While writing our book, Ingmar Bergman at the Crossroads: Between Theory and Practice, several filmmakers shared stories with us of the impact the legendary Swedish director had on their own work.
One was the Taiwanese-American film director Ang Lee. Lee travelled to the Ingmar Bergman film festival held every summer on one of Sweden’s most remote sea islands, Fårö, in 2006. He was hoping to meet up with the legendary Swedish film director in person, then still going strong, aged 88.
Here was Bergman, director and writer of such sombre film classics as The Seventh Seal (1957), the iconic medieval drama with a pale-faced, black-cloaked Death walking amongst humans and the starkly realistic divorce drama, Scenes from a Marriage (1973).
What could he possibly have in common with Ang Lee, director of blockbuster action hits such as Crouching Tiger Hidden Dragon (2000) and Hulk (2003)?
At first Bergman was against the idea of meeting.
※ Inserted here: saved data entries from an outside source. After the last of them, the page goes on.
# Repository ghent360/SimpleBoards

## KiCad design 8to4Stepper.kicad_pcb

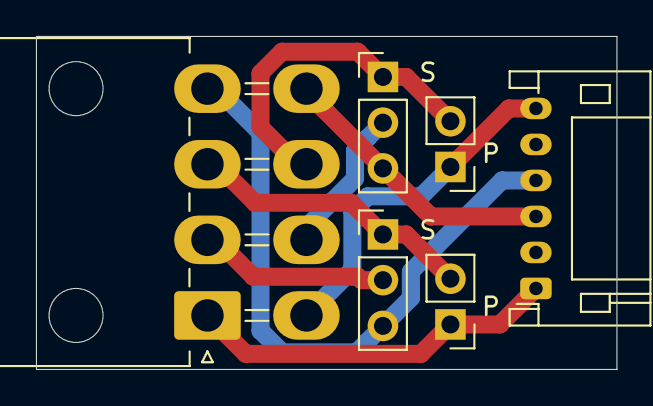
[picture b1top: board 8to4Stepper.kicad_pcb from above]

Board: 2 copper layers, 32.2 x 18.5 mm, 6 parts (0 on the bottom side), 8 nets.

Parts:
J1: Out; JST_PH_S6B-PH-K_1x06_P2.00mm_Horizontal
J2: In; Molex_Mini-Fit_Jr_5569-08A2_2x04_P4.20mm_Horizontal
JP1: W1a; PinHeader_1x03_P2.54mm_Vertical
JP2: W2a; PinHeader_1x03_P2.54mm_Vertical
JP3: W1b; PinHeader_1x02_P2.54mm_Vertical
JP4: W2b; PinHeader_1x02_P2.54mm_Vertical

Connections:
/BLK: J1.1, J2.1, JP3.1
/BLU: J2.7, JP2.1, JP4.2
/BRN: J2.3, JP1.1, JP3.2
/ORG: J1.4, J2.4, JP1.3
/PUR: J2.6, JP2.2
/RED: J1.6, J2.5, JP4.1
/WHT: J2.2, JP1.2
/YEL: J1.3, J2.8, JP2.3

That was until he saw The Ice Storm (1997), Lee’s masterpiece on American suburbia in the 1960s. Lee for his part knew exactly why he hoped for a meeting.
As he explains in the foreword to our book, he was an 18-year-old student in Taipei when he happened to see The Virgin Spring (for which Bergman which won the Oscar for best foreign language film in 1961). His life, he writes, “changed forever”.
Lee found himself “touched, in connection with someone and something new, something that would stay with me for the rest of my life”.
At the film festival in Fårö, when asked how he felt now that he found himself in the rocky landscape that he admired in Bergman’s minimalist films of the 1960s Lee responded: “I’m still surprised that it’s not in black and white!”
A droll answer, but precise. If nothing else, it illustrates how much Bergman was, and still is, a “director’s director”. As we invited contributors to our book, we were delighted that other prominent filmmakers readily agreed to be part of our project.
Other filmmakers on Bergman
One was James Schamus, Ang Lee’s scriptwriter. He homed in on Bergman’s contradictory notions of authorship by focusing on his longtime creative collaboration with actress Liv Ullmann. He argues that she can, in effect, be regarded as a co-director of his films.
The legendary German film director Margarethe von Trotta explained how she looks at Bergman’s work from a director’s point of view. She also attested (just like Ang Lee) to an affinity across geographical and cultural boundaries.
Canadian director Atom Egoyan confirmed that he too was inspired by Bergman when starting out as a young director. Just like Bergman, he chooses to work closely with his actors.
These artists contributed their behind-the-scenes knowledge of Bergman and his practice to our book. The next step was to connect them with academics, including renowned philosopher and film scholar Paisley Livingston, musicologist Alexis Luko and playwright and performance studies scholar Allan Havis.
Bergman and power
But the aim of our book was not to simply pay Bergman (yet more) accolades. An insider’s perspective inevitably also lent itself to scrutiny of the director’s more problematic aspects.
Longtime Bergman collaborator Måns Reuterswärd (who produced Bergman’s rendering of Mozart’s opera The Magic Flute in 1975) revealed for the first time, for example, the artistic conflicts between Bergman and the perceived demands of the musicians, singers and conductor Eric Ericson.
Film producer Katinka Faragó, who worked on Bergman films from the 1950s, including Wild Strawberries (1957) and four-time Oscar winner Fanny and Alexander, (1984), offered vivid recollections of studio technicians becoming the target of Bergman’s wrath. She openly discussed Bergman in the light of the #MeToo movement.
The clear memories of these two octogenarians has proved a treasure trove of never before published information from on and off the set. What stands out in their recollections is the power that was both afforded to, and certainly wielded by, Ingmar Bergman by the Swedish film industry and cultural life at large – for good and for bad.